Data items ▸
=== Begin Enclosure ===

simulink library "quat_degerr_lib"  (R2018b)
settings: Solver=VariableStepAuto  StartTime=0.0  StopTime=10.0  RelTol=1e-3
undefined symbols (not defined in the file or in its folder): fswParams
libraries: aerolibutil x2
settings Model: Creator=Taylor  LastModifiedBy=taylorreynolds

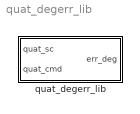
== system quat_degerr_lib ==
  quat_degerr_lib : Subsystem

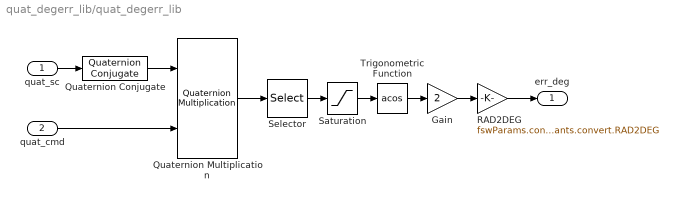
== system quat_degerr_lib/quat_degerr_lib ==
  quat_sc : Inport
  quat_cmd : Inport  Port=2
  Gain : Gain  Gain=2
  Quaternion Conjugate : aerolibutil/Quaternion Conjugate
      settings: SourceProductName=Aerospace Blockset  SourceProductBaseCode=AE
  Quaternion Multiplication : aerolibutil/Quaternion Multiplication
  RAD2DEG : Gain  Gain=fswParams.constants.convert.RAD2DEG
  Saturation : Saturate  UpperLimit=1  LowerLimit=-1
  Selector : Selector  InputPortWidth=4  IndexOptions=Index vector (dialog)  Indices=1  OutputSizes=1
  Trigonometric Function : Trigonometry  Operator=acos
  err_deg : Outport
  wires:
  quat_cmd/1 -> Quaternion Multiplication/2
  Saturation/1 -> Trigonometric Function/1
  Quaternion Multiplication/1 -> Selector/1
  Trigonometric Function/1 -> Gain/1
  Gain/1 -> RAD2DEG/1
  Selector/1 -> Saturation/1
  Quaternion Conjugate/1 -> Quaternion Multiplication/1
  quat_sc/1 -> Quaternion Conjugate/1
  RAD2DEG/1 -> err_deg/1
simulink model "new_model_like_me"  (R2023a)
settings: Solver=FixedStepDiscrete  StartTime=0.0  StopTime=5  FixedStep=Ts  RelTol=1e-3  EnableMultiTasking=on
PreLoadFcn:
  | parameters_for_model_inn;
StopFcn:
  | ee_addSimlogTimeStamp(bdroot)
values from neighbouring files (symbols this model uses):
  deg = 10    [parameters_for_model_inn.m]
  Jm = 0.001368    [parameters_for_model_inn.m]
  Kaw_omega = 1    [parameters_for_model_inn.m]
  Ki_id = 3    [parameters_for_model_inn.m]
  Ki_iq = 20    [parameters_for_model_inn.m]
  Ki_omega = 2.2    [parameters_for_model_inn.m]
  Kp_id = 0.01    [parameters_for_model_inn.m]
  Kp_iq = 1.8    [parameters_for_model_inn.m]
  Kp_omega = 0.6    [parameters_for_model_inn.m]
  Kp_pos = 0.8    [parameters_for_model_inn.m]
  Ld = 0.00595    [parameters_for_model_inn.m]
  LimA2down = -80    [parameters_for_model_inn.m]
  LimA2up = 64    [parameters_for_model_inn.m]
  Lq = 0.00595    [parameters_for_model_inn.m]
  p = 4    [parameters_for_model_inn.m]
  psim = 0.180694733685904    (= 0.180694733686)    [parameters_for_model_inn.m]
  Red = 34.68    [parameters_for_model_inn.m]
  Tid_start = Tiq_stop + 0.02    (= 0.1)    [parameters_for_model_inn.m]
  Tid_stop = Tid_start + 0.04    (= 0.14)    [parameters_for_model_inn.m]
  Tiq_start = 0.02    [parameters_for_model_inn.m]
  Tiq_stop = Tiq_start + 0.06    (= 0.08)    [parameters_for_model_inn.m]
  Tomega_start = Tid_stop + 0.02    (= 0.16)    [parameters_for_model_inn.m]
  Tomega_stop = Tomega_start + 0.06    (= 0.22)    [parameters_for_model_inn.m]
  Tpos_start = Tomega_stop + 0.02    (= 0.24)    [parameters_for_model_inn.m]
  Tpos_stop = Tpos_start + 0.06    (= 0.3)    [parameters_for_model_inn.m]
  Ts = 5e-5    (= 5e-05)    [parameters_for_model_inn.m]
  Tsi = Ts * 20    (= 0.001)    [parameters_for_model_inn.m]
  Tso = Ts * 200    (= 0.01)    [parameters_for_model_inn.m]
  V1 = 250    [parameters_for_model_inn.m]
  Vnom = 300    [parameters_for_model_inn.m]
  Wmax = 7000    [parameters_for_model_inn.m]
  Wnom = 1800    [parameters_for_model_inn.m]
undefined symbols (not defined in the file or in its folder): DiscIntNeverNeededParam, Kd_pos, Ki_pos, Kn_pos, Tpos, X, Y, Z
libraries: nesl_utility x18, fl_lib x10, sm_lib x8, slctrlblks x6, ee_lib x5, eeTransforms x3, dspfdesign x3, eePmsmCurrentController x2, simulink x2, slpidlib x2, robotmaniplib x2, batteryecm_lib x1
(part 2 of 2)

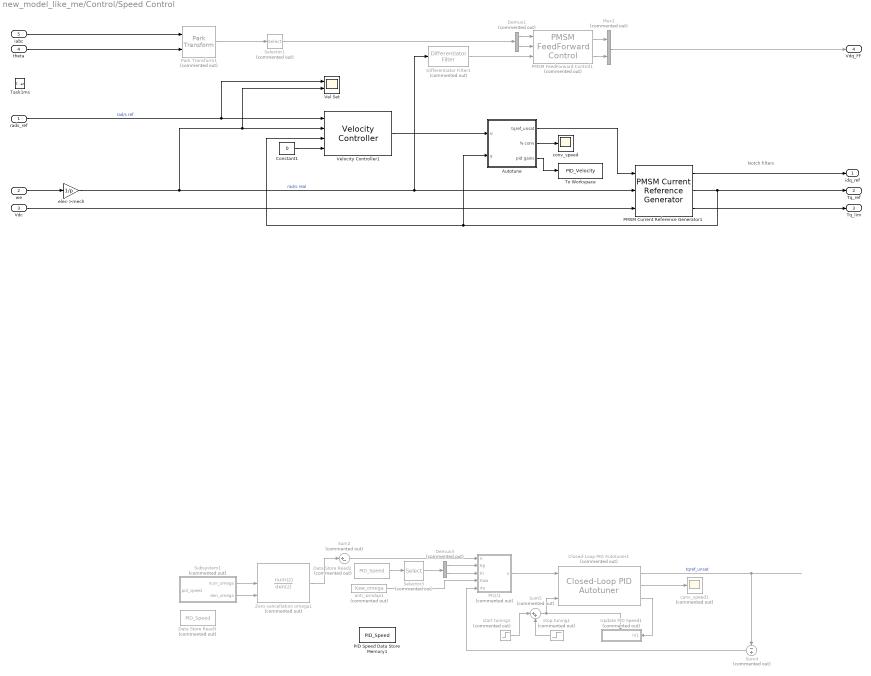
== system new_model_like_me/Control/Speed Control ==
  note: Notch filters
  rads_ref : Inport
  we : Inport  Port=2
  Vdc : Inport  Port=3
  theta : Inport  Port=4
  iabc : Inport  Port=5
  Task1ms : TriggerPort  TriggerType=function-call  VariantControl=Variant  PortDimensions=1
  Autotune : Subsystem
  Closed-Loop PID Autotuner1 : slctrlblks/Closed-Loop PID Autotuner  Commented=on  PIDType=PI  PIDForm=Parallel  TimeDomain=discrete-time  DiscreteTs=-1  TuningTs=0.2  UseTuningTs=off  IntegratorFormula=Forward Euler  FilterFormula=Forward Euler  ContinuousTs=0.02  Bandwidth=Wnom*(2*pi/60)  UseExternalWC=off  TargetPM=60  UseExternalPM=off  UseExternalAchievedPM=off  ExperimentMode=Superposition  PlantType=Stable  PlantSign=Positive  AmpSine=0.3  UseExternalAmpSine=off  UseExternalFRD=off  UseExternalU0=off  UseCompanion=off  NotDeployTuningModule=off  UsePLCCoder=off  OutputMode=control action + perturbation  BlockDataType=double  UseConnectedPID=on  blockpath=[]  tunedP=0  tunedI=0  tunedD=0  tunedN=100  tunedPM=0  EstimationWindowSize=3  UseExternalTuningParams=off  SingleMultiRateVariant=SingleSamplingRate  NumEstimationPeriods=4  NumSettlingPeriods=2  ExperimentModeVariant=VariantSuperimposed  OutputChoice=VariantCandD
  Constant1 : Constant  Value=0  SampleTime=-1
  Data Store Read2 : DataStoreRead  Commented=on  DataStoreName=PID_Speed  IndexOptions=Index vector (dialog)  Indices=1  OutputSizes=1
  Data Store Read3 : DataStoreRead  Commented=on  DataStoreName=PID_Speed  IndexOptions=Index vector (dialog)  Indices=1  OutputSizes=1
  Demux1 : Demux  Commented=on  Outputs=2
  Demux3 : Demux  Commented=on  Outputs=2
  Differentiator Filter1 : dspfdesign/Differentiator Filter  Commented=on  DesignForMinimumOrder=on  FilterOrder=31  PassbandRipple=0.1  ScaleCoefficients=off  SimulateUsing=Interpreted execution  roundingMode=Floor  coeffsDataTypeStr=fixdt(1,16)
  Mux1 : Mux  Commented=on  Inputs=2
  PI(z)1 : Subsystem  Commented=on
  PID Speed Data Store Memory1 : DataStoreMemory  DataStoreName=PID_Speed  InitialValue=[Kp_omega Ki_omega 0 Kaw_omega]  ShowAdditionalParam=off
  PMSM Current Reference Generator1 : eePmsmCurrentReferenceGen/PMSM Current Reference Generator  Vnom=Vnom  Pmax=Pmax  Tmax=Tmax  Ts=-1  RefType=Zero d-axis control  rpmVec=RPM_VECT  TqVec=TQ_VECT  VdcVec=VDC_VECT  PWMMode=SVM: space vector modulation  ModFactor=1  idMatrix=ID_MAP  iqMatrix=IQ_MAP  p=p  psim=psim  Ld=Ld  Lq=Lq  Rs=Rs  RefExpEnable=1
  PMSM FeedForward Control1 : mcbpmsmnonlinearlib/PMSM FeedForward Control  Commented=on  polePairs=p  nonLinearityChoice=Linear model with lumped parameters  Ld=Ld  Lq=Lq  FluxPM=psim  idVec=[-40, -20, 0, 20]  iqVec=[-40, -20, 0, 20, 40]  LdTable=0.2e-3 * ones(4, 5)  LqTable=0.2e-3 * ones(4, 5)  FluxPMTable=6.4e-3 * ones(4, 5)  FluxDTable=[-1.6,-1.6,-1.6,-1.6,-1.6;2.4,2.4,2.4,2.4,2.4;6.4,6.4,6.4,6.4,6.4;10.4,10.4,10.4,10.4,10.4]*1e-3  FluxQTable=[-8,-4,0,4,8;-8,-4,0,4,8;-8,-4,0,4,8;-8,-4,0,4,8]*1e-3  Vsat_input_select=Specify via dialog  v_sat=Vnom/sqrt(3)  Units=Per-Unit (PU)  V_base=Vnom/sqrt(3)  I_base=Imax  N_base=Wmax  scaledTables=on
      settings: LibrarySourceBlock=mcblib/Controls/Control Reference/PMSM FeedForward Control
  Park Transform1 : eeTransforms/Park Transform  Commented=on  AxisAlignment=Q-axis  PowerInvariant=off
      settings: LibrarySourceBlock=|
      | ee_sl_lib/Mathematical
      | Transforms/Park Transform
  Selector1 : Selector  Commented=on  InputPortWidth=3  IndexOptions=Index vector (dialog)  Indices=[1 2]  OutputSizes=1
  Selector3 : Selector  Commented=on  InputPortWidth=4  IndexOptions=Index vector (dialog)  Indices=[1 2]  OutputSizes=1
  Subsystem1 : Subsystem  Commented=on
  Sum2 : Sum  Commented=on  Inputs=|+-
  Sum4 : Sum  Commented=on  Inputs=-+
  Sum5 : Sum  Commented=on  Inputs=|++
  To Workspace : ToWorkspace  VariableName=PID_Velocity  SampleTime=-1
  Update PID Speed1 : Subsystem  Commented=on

=== End Enclosure ===

EXERCISE REQUIREMENTS ▸
Check each line of the entries for "vector" and copy those that have it.

SOLVED PROBLEM ▸
  Selector : Selector  InputPortWidth=4  IndexOptions=Index vector (dialog)  Indices=1  OutputSizes=1
  Data Store Read2 : DataStoreRead  Commented=on  DataStoreName=PID_Speed  IndexOptions=Index vector (dialog)  Indices=1  OutputSizes=1
  Data Store Read3 : DataStoreRead  Commented=on  DataStoreName=PID_Speed  IndexOptions=Index vector (dialog)  Indices=1  OutputSizes=1
  PMSM Current Reference Generator1 : eePmsmCurrentReferenceGen/PMSM Current Reference Generator  Vnom=Vnom  Pmax=Pmax  Tmax=Tmax  Ts=-1  RefType=Zero d-axis control  rpmVec=RPM_VECT  TqVec=TQ_VECT  VdcVec=VDC_VECT  PWMMode=SVM: space vector modulation  ModFactor=1  idMatrix=ID_MAP  iqMatrix=IQ_MAP  p=p  psim=psim  Ld=Ld  Lq=Lq  Rs=Rs  RefExpEnable=1
  Selector1 : Selector  Commented=on  InputPortWidth=3  IndexOptions=Index vector (dialog)  Indices=[1 2]  OutputSizes=1
  Selector3 : Selector  Commented=on  InputPortWidth=4  IndexOptions=Index vector (dialog)  Indices=[1 2]  OutputSizes=1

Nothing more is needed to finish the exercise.